A: Eight-step migration. First, containerize: wrap each ML workload in a Docker image with all dependencies. Test locally. Second, create Kubernetes manifests: define Job specs for training, Deployment specs for serving - start with equivalent resource requests to the EC2 instances. Third, set up GPU nodes: create a GPU node pool with taints and labels. Install NVIDIA device plugin. Verify GPU visibility. Fourth, migrate serving first: serving workloads are more predictable. Deploy one model, verify predictions match the EC2 version, then cut traffic over. Fifth, migrate training: start with non-critical experiments. Validate that checkpoints are saved correctly to shared storage. Sixth, implement autoscaling: GPU node pool autoscaler, HPA on serving deployments. Seventh, clean up EC2 instances: after 2 weeks of successful K8s operation, terminate the corresponding EC2 instances. Eighth, optimize: measure GPU utilization; use this data to right-size resource requests and identify opportunities for bin-packing.
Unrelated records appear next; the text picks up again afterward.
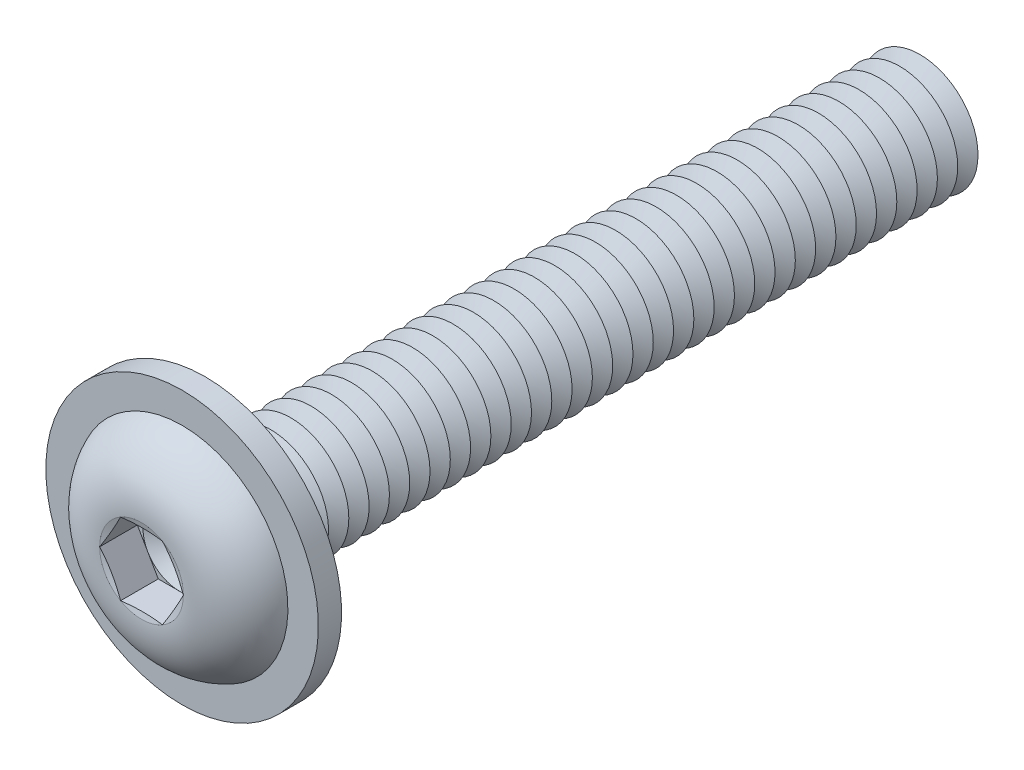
ISO-10303-21;
HEADER;
FILE_DESCRIPTION(('STEP AP214'),'2;1');
FILE_NAME('part.step','',(''),(''),'','','');
FILE_SCHEMA(('AUTOMOTIVE_DESIGN { 1 0 10303 214 1 1 1 1 }'));
ENDSEC;
DATA;
#1=APPLICATION_CONTEXT('core data for automotive mechanical design processes');
#2=APPLICATION_PROTOCOL_DEFINITION('international standard','automotive_design',2000,#1);
#3=PRODUCT_CONTEXT('',#1,'mechanical');
#4=PRODUCT('Part','Part','',(#3));
#5=PRODUCT_RELATED_PRODUCT_CATEGORY('part','',(#4));
#6=PRODUCT_DEFINITION_FORMATION('','',#4);
#7=PRODUCT_DEFINITION_CONTEXT('part definition',#1,'design');
#8=PRODUCT_DEFINITION('design','',#6,#7);
#9=PRODUCT_DEFINITION_SHAPE('','',#8);
#10=(LENGTH_UNIT() NAMED_UNIT(*) SI_UNIT(.MILLI.,.METRE.));
#11=(NAMED_UNIT(*) PLANE_ANGLE_UNIT() SI_UNIT($,.RADIAN.));
#12=(NAMED_UNIT(*) SI_UNIT($,.STERADIAN.) SOLID_ANGLE_UNIT());
#13=UNCERTAINTY_MEASURE_WITH_UNIT(LENGTH_MEASURE(1.E-05),#10,'distance_accuracy_value','');
#14=(GEOMETRIC_REPRESENTATION_CONTEXT(3) GLOBAL_UNCERTAINTY_ASSIGNED_CONTEXT((#13)) GLOBAL_UNIT_ASSIGNED_CONTEXT((#10,
#11,#12)) REPRESENTATION_CONTEXT('',''));
#15=CARTESIAN_POINT('',(0.,0.,0.));
#16=DIRECTION('',(0.,0.,1.));
#17=DIRECTION('',(1.,0.,0.));
#18=AXIS2_PLACEMENT_3D('',#15,#16,#17);
#19=CARTESIAN_POINT('',(0.,0.,-22.55));
#20=DIRECTION('',(0.,0.,1.));
#21=DIRECTION('',(1.,0.,0.));
#22=AXIS2_PLACEMENT_3D('',#19,#20,#21);
#23=CONICAL_SURFACE('',#22,2.00000000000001,1.0471975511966);
#24=CARTESIAN_POINT('',(0.,0.,-22.9));
#25=DIRECTION('',(0.,0.,1.));
#26=DIRECTION('',(1.,0.,0.));
#27=AXIS2_PLACEMENT_3D('',#24,#25,#26);
#28=CIRCLE('',#27,1.3937822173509);
#29=CARTESIAN_POINT('',(1.3937822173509,0.,-22.9));
#30=VERTEX_POINT('',#29);
#31=EDGE_CURVE('E490',#30,#30,#28,.T.);
#32=ORIENTED_EDGE('',*,*,#31,.T.);
#33=EDGE_LOOP('',(#32));
#34=FACE_BOUND('',#33,.T.);
#35=CARTESIAN_POINT('',(0.,0.,-22.55));
#36=DIRECTION('',(0.,0.,1.));
#37=DIRECTION('',(1.,0.,0.));
#38=AXIS2_PLACEMENT_3D('',#35,#36,#37);
#39=CIRCLE('',#38,2.00000000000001);
#40=CARTESIAN_POINT('',(2.00000000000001,0.,-22.55));
#41=VERTEX_POINT('',#40);
#42=EDGE_CURVE('E486',#41,#41,#39,.T.);
#43=ORIENTED_EDGE('',*,*,#42,.F.);
#44=EDGE_LOOP('',(#43));
#45=FACE_BOUND('',#44,.T.);
#46=ADVANCED_FACE('F39',(#34,#45),#23,.T.);
#47=CARTESIAN_POINT('',(0.,0.,-22.9));
#48=DIRECTION('',(0.,0.,-1.));
#49=DIRECTION('',(-1.,0.,0.));
#50=AXIS2_PLACEMENT_3D('',#47,#48,#49);
#51=CONICAL_SURFACE('',#50,1.3937822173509,1.0471975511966);
#52=CARTESIAN_POINT('',(0.,0.,-23.25));
#53=DIRECTION('',(0.,0.,1.));
#54=DIRECTION('',(1.,0.,0.));
#55=AXIS2_PLACEMENT_3D('',#52,#53,#54);
#56=CIRCLE('',#55,2.00000000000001);
#57=CARTESIAN_POINT('',(2.00000000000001,0.,-23.25));
#58=VERTEX_POINT('',#57);
#59=EDGE_CURVE('E494',#58,#58,#56,.T.);
#60=ORIENTED_EDGE('',*,*,#59,.T.);
#61=EDGE_LOOP('',(#60));
#62=FACE_BOUND('',#61,.T.);
#63=ORIENTED_EDGE('',*,*,#31,.F.);
#64=EDGE_LOOP('',(#63));
#65=FACE_BOUND('',#64,.T.);
#66=ADVANCED_FACE('F614',(#62,#65),#51,.T.);
#67=CARTESIAN_POINT('',(0.,2.00000000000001,-25.));
#68=DIRECTION('',(0.,0.,-1.));
#69=DIRECTION('',(-1.,0.,0.));
#70=AXIS2_PLACEMENT_3D('',#67,#68,#69);
#71=PLANE('',#70);
#72=CARTESIAN_POINT('',(0.,0.,-25.));
#73=DIRECTION('',(0.,0.,1.));
#74=DIRECTION('',(1.,0.,0.));
#75=AXIS2_PLACEMENT_3D('',#72,#73,#74);
#76=CIRCLE('',#75,1.3937822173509);
#77=CARTESIAN_POINT('',(1.3937822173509,0.,-25.));
#78=VERTEX_POINT('',#77);
#79=EDGE_CURVE('E514',#78,#78,#76,.T.);
#80=ORIENTED_EDGE('',*,*,#79,.F.);
#81=EDGE_LOOP('',(#80));
#82=FACE_BOUND('',#81,.T.);
#83=ADVANCED_FACE('F620',(#82),#71,.T.);
#84=CARTESIAN_POINT('',(0.,0.,-24.65));
#85=DIRECTION('',(0.,0.,1.));
#86=DIRECTION('',(1.,0.,0.));
#87=AXIS2_PLACEMENT_3D('',#84,#85,#86);
#88=CONICAL_SURFACE('',#87,2.00000000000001,1.0471975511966);
#89=ORIENTED_EDGE('',*,*,#79,.T.);
#90=EDGE_LOOP('',(#89));
#91=FACE_BOUND('',#90,.T.);
#92=CARTESIAN_POINT('',(0.,0.,-24.65));
#93=DIRECTION('',(0.,0.,1.));
#94=DIRECTION('',(1.,0.,0.));
#95=AXIS2_PLACEMENT_3D('',#92,#93,#94);
#96=CIRCLE('',#95,2.00000000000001);
#97=CARTESIAN_POINT('',(2.00000000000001,0.,-24.65));
#98=VERTEX_POINT('',#97);
#99=EDGE_CURVE('E510',#98,#98,#96,.T.);
#100=ORIENTED_EDGE('',*,*,#99,.F.);
#101=EDGE_LOOP('',(#100));
#102=FACE_BOUND('',#101,.T.);
#103=ADVANCED_FACE('F639',(#91,#102),#88,.T.);
#104=CARTESIAN_POINT('',(0.,0.,-24.3));
#105=DIRECTION('',(0.,0.,-1.));
#106=DIRECTION('',(-1.,0.,0.));
#107=AXIS2_PLACEMENT_3D('',#104,#105,#106);
#108=CONICAL_SURFACE('',#107,1.3937822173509,1.0471975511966);
#109=ORIENTED_EDGE('',*,*,#99,.T.);
#110=EDGE_LOOP('',(#109));
#111=FACE_BOUND('',#110,.T.);
#112=CARTESIAN_POINT('',(0.,0.,-24.3));
#113=DIRECTION('',(0.,0.,1.));
#114=DIRECTION('',(1.,0.,0.));
#115=AXIS2_PLACEMENT_3D('',#112,#113,#114);
#116=CIRCLE('',#115,1.3937822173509);
#117=CARTESIAN_POINT('',(1.3937822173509,0.,-24.3));
#118=VERTEX_POINT('',#117);
#119=EDGE_CURVE('E506',#118,#118,#116,.T.);
#120=ORIENTED_EDGE('',*,*,#119,.F.);
#121=EDGE_LOOP('',(#120));
#122=FACE_BOUND('',#121,.T.);
#123=ADVANCED_FACE('F636',(#111,#122),#108,.T.);
#124=CARTESIAN_POINT('',(0.,0.,-23.95));
#125=DIRECTION('',(0.,0.,1.));
#126=DIRECTION('',(1.,0.,0.));
#127=AXIS2_PLACEMENT_3D('',#124,#125,#126);
#128=CONICAL_SURFACE('',#127,2.00000000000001,1.0471975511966);
#129=ORIENTED_EDGE('',*,*,#119,.T.);
#130=EDGE_LOOP('',(#129));
#131=FACE_BOUND('',#130,.T.);
#132=CARTESIAN_POINT('',(0.,0.,-23.95));
#133=DIRECTION('',(0.,0.,1.));
#134=DIRECTION('',(1.,0.,0.));
#135=AXIS2_PLACEMENT_3D('',#132,#133,#134);
#136=CIRCLE('',#135,2.00000000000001);
#137=CARTESIAN_POINT('',(2.00000000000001,0.,-23.95));
#138=VERTEX_POINT('',#137);
#139=EDGE_CURVE('E502',#138,#138,#136,.T.);
#140=ORIENTED_EDGE('',*,*,#139,.F.);
#141=EDGE_LOOP('',(#140));
#142=FACE_BOUND('',#141,.T.);
#143=ADVANCED_FACE('F630',(#131,#142),#128,.T.);
#144=CARTESIAN_POINT('',(0.,0.,-23.6));
#145=DIRECTION('',(0.,0.,-1.));
#146=DIRECTION('',(-1.,0.,0.));
#147=AXIS2_PLACEMENT_3D('',#144,#145,#146);
#148=CONICAL_SURFACE('',#147,1.3937822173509,1.0471975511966);
#149=ORIENTED_EDGE('',*,*,#139,.T.);
#150=EDGE_LOOP('',(#149));
#151=FACE_BOUND('',#150,.T.);
#152=CARTESIAN_POINT('',(0.,0.,-23.6));
#153=DIRECTION('',(0.,0.,1.));
#154=DIRECTION('',(1.,0.,0.));
#155=AXIS2_PLACEMENT_3D('',#152,#153,#154);
#156=CIRCLE('',#155,1.3937822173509);
#157=CARTESIAN_POINT('',(1.3937822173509,0.,-23.6));
#158=VERTEX_POINT('',#157);
#159=EDGE_CURVE('E498',#158,#158,#156,.T.);
#160=ORIENTED_EDGE('',*,*,#159,.F.);
#161=EDGE_LOOP('',(#160));
#162=FACE_BOUND('',#161,.T.);
#163=ADVANCED_FACE('F626',(#151,#162),#148,.T.);
#164=CARTESIAN_POINT('',(0.,0.,-23.25));
#165=DIRECTION('',(0.,0.,1.));
#166=DIRECTION('',(1.,0.,0.));
#167=AXIS2_PLACEMENT_3D('',#164,#165,#166);
#168=CONICAL_SURFACE('',#167,2.00000000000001,1.0471975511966);
#169=ORIENTED_EDGE('',*,*,#159,.T.);
#170=EDGE_LOOP('',(#169));
#171=FACE_BOUND('',#170,.T.);
#172=ORIENTED_EDGE('',*,*,#59,.F.);
#173=EDGE_LOOP('',(#172));
#174=FACE_BOUND('',#173,.T.);
#175=ADVANCED_FACE('F629',(#171,#174),#168,.T.);
#176=CARTESIAN_POINT('',(0.,0.,-21.85));
#177=DIRECTION('',(0.,0.,1.));
#178=DIRECTION('',(1.,0.,0.));
#179=AXIS2_PLACEMENT_3D('',#176,#177,#178);
#180=CONICAL_SURFACE('',#179,2.00000000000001,1.0471975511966);
#181=CARTESIAN_POINT('',(0.,0.,-22.2));
#182=DIRECTION('',(0.,0.,1.));
#183=DIRECTION('',(1.,0.,0.));
#184=AXIS2_PLACEMENT_3D('',#181,#182,#183);
#185=CIRCLE('',#184,1.3937822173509);
#186=CARTESIAN_POINT('',(1.3937822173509,0.,-22.2));
#187=VERTEX_POINT('',#186);
#188=EDGE_CURVE('E482',#187,#187,#185,.T.);
#189=ORIENTED_EDGE('',*,*,#188,.T.);
#190=EDGE_LOOP('',(#189));
#191=FACE_BOUND('',#190,.T.);
#192=CARTESIAN_POINT('',(0.,0.,-21.85));
#193=DIRECTION('',(0.,0.,1.));
#194=DIRECTION('',(1.,0.,0.));
#195=AXIS2_PLACEMENT_3D('',#192,#193,#194);
#196=CIRCLE('',#195,2.00000000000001);
#197=CARTESIAN_POINT('',(2.00000000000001,0.,-21.85));
#198=VERTEX_POINT('',#197);
#199=EDGE_CURVE('E478',#198,#198,#196,.T.);
#200=ORIENTED_EDGE('',*,*,#199,.F.);
#201=EDGE_LOOP('',(#200));
#202=FACE_BOUND('',#201,.T.);
#203=ADVANCED_FACE('F634',(#191,#202),#180,.T.);
#204=CARTESIAN_POINT('',(0.,0.,-22.2));
#205=DIRECTION('',(0.,0.,-1.));
#206=DIRECTION('',(-1.,0.,0.));
#207=AXIS2_PLACEMENT_3D('',#204,#205,#206);
#208=CONICAL_SURFACE('',#207,1.3937822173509,1.0471975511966);
#209=ORIENTED_EDGE('',*,*,#42,.T.);
#210=EDGE_LOOP('',(#209));
#211=FACE_BOUND('',#210,.T.);
#212=ORIENTED_EDGE('',*,*,#188,.F.);
#213=EDGE_LOOP('',(#212));
#214=FACE_BOUND('',#213,.T.);
#215=ADVANCED_FACE('F685',(#211,#214),#208,.T.);
#216=CARTESIAN_POINT('',(0.,0.,-21.15));
#217=DIRECTION('',(0.,0.,1.));
#218=DIRECTION('',(1.,0.,0.));
#219=AXIS2_PLACEMENT_3D('',#216,#217,#218);
#220=CONICAL_SURFACE('',#219,2.00000000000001,1.0471975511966);
#221=CARTESIAN_POINT('',(0.,0.,-21.5));
#222=DIRECTION('',(0.,0.,1.));
#223=DIRECTION('',(1.,0.,0.));
#224=AXIS2_PLACEMENT_3D('',#221,#222,#223);
#225=CIRCLE('',#224,1.3937822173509);
#226=CARTESIAN_POINT('',(1.3937822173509,0.,-21.5));
#227=VERTEX_POINT('',#226);
#228=EDGE_CURVE('E474',#227,#227,#225,.T.);
#229=ORIENTED_EDGE('',*,*,#228,.T.);
#230=EDGE_LOOP('',(#229));
#231=FACE_BOUND('',#230,.T.);
#232=CARTESIAN_POINT('',(0.,0.,-21.15));
#233=DIRECTION('',(0.,0.,1.));
#234=DIRECTION('',(1.,0.,0.));
#235=AXIS2_PLACEMENT_3D('',#232,#233,#234);
#236=CIRCLE('',#235,2.00000000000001);
#237=CARTESIAN_POINT('',(2.00000000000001,0.,-21.15));
#238=VERTEX_POINT('',#237);
#239=EDGE_CURVE('E470',#238,#238,#236,.T.);
#240=ORIENTED_EDGE('',*,*,#239,.F.);
#241=EDGE_LOOP('',(#240));
#242=FACE_BOUND('',#241,.T.);
#243=ADVANCED_FACE('F691',(#231,#242),#220,.T.);
#244=CARTESIAN_POINT('',(0.,0.,-21.5));
#245=DIRECTION('',(0.,0.,-1.));
#246=DIRECTION('',(-1.,0.,0.));
#247=AXIS2_PLACEMENT_3D('',#244,#245,#246);
#248=CONICAL_SURFACE('',#247,1.3937822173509,1.0471975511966);
#249=ORIENTED_EDGE('',*,*,#199,.T.);
#250=EDGE_LOOP('',(#249));
#251=FACE_BOUND('',#250,.T.);
#252=ORIENTED_EDGE('',*,*,#228,.F.);
#253=EDGE_LOOP('',(#252));
#254=FACE_BOUND('',#253,.T.);
#255=ADVANCED_FACE('F698',(#251,#254),#248,.T.);
#256=CARTESIAN_POINT('',(0.,0.,-20.45));
#257=DIRECTION('',(0.,0.,1.));
#258=DIRECTION('',(1.,0.,0.));
#259=AXIS2_PLACEMENT_3D('',#256,#257,#258);
#260=CONICAL_SURFACE('',#259,2.00000000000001,1.0471975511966);
#261=CARTESIAN_POINT('',(0.,0.,-20.8));
#262=DIRECTION('',(0.,0.,1.));
#263=DIRECTION('',(1.,0.,0.));
#264=AXIS2_PLACEMENT_3D('',#261,#262,#263);
#265=CIRCLE('',#264,1.3937822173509);
#266=CARTESIAN_POINT('',(1.3937822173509,0.,-20.8));
#267=VERTEX_POINT('',#266);
#268=EDGE_CURVE('E466',#267,#267,#265,.T.);
#269=ORIENTED_EDGE('',*,*,#268,.T.);
#270=EDGE_LOOP('',(#269));
#271=FACE_BOUND('',#270,.T.);
#272=CARTESIAN_POINT('',(0.,0.,-20.45));
#273=DIRECTION('',(0.,0.,1.));
#274=DIRECTION('',(1.,0.,0.));
#275=AXIS2_PLACEMENT_3D('',#272,#273,#274);
#276=CIRCLE('',#275,2.00000000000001);
#277=CARTESIAN_POINT('',(2.00000000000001,0.,-20.45));
#278=VERTEX_POINT('',#277);
#279=EDGE_CURVE('E462',#278,#278,#276,.T.);
#280=ORIENTED_EDGE('',*,*,#279,.F.);
#281=EDGE_LOOP('',(#280));
#282=FACE_BOUND('',#281,.T.);
#283=ADVANCED_FACE('F705',(#271,#282),#260,.T.);
#284=CARTESIAN_POINT('',(0.,0.,-20.8));
#285=DIRECTION('',(0.,0.,-1.));
#286=DIRECTION('',(-1.,0.,0.));
#287=AXIS2_PLACEMENT_3D('',#284,#285,#286);
#288=CONICAL_SURFACE('',#287,1.3937822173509,1.0471975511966);
#289=ORIENTED_EDGE('',*,*,#239,.T.);
#290=EDGE_LOOP('',(#289));
#291=FACE_BOUND('',#290,.T.);
#292=ORIENTED_EDGE('',*,*,#268,.F.);
#293=EDGE_LOOP('',(#292));
#294=FACE_BOUND('',#293,.T.);
#295=ADVANCED_FACE('F712',(#291,#294),#288,.T.);
#296=CARTESIAN_POINT('',(0.,0.,-19.75));
#297=DIRECTION('',(0.,0.,1.));
#298=DIRECTION('',(1.,0.,0.));
#299=AXIS2_PLACEMENT_3D('',#296,#297,#298);
#300=CONICAL_SURFACE('',#299,2.00000000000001,1.0471975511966);
#301=CARTESIAN_POINT('',(0.,0.,-20.1));
#302=DIRECTION('',(0.,0.,1.));
#303=DIRECTION('',(1.,0.,0.));
#304=AXIS2_PLACEMENT_3D('',#301,#302,#303);
#305=CIRCLE('',#304,1.3937822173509);
#306=CARTESIAN_POINT('',(1.3937822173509,0.,-20.1));
#307=VERTEX_POINT('',#306);
#308=EDGE_CURVE('E458',#307,#307,#305,.T.);
#309=ORIENTED_EDGE('',*,*,#308,.T.);
#310=EDGE_LOOP('',(#309));
#311=FACE_BOUND('',#310,.T.);
#312=CARTESIAN_POINT('',(0.,0.,-19.75));
#313=DIRECTION('',(0.,0.,1.));
#314=DIRECTION('',(1.,0.,0.));
#315=AXIS2_PLACEMENT_3D('',#312,#313,#314);
#316=CIRCLE('',#315,2.00000000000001);
#317=CARTESIAN_POINT('',(2.00000000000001,0.,-19.75));
#318=VERTEX_POINT('',#317);
#319=EDGE_CURVE('E454',#318,#318,#316,.T.);
#320=ORIENTED_EDGE('',*,*,#319,.F.);
#321=EDGE_LOOP('',(#320));
#322=FACE_BOUND('',#321,.T.);
#323=ADVANCED_FACE('F719',(#311,#322),#300,.T.);
#324=CARTESIAN_POINT('',(0.,0.,-20.1));
#325=DIRECTION('',(0.,0.,-1.));
#326=DIRECTION('',(-1.,0.,0.));
#327=AXIS2_PLACEMENT_3D('',#324,#325,#326);
#328=CONICAL_SURFACE('',#327,1.3937822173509,1.0471975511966);
#329=ORIENTED_EDGE('',*,*,#279,.T.);
#330=EDGE_LOOP('',(#329));
#331=FACE_BOUND('',#330,.T.);
#332=ORIENTED_EDGE('',*,*,#308,.F.);
#333=EDGE_LOOP('',(#332));
#334=FACE_BOUND('',#333,.T.);
#335=ADVANCED_FACE('F726',(#331,#334),#328,.T.);
#336=CARTESIAN_POINT('',(0.,0.,-19.05));
#337=DIRECTION('',(0.,0.,1.));
#338=DIRECTION('',(1.,0.,0.));
#339=AXIS2_PLACEMENT_3D('',#336,#337,#338);
#340=CONICAL_SURFACE('',#339,2.00000000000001,1.0471975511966);
#341=CARTESIAN_POINT('',(0.,0.,-19.4));
#342=DIRECTION('',(0.,0.,1.));
#343=DIRECTION('',(1.,0.,0.));
#344=AXIS2_PLACEMENT_3D('',#341,#342,#343);
#345=CIRCLE('',#344,1.3937822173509);
#346=CARTESIAN_POINT('',(1.3937822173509,0.,-19.4));
#347=VERTEX_POINT('',#346);
#348=EDGE_CURVE('E450',#347,#347,#345,.T.);
#349=ORIENTED_EDGE('',*,*,#348,.T.);
#350=EDGE_LOOP('',(#349));
#351=FACE_BOUND('',#350,.T.);
#352=CARTESIAN_POINT('',(0.,0.,-19.05));
#353=DIRECTION('',(0.,0.,1.));
#354=DIRECTION('',(1.,0.,0.));
#355=AXIS2_PLACEMENT_3D('',#352,#353,#354);
#356=CIRCLE('',#355,2.00000000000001);
#357=CARTESIAN_POINT('',(2.00000000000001,0.,-19.05));
#358=VERTEX_POINT('',#357);
#359=EDGE_CURVE('E446',#358,#358,#356,.T.);
#360=ORIENTED_EDGE('',*,*,#359,.F.);
#361=EDGE_LOOP('',(#360));
#362=FACE_BOUND('',#361,.T.);
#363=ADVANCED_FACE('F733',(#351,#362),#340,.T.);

Q: What is the role of PersistentVolumeClaims in ML workloads on Kubernetes?
A: PVCs provide persistent storage that outlives individual pods - essential for ML because model checkpoints and training data must survive pod restarts and rescheduling. Three main uses: (1) shared training data: a ReadOnlyMany PVC backed by EFS (or similar NFS) allows multiple training pods to read the same dataset simultaneously without data transfer overhead; (2) checkpoint storage: a ReadWriteOnce PVC for a training job to write checkpoints - when the job is interrupted and rescheduled, it can resume from the checkpoint; (3) model artifacts: serving pods need to load model weights at startup, either from a PVC (faster, if on fast storage) or from S3 (slower but simpler). A common pattern: store large datasets on S3, cache to local node storage via an init container before training starts, and write checkpoints to both local PVC (fast) and S3 (durable).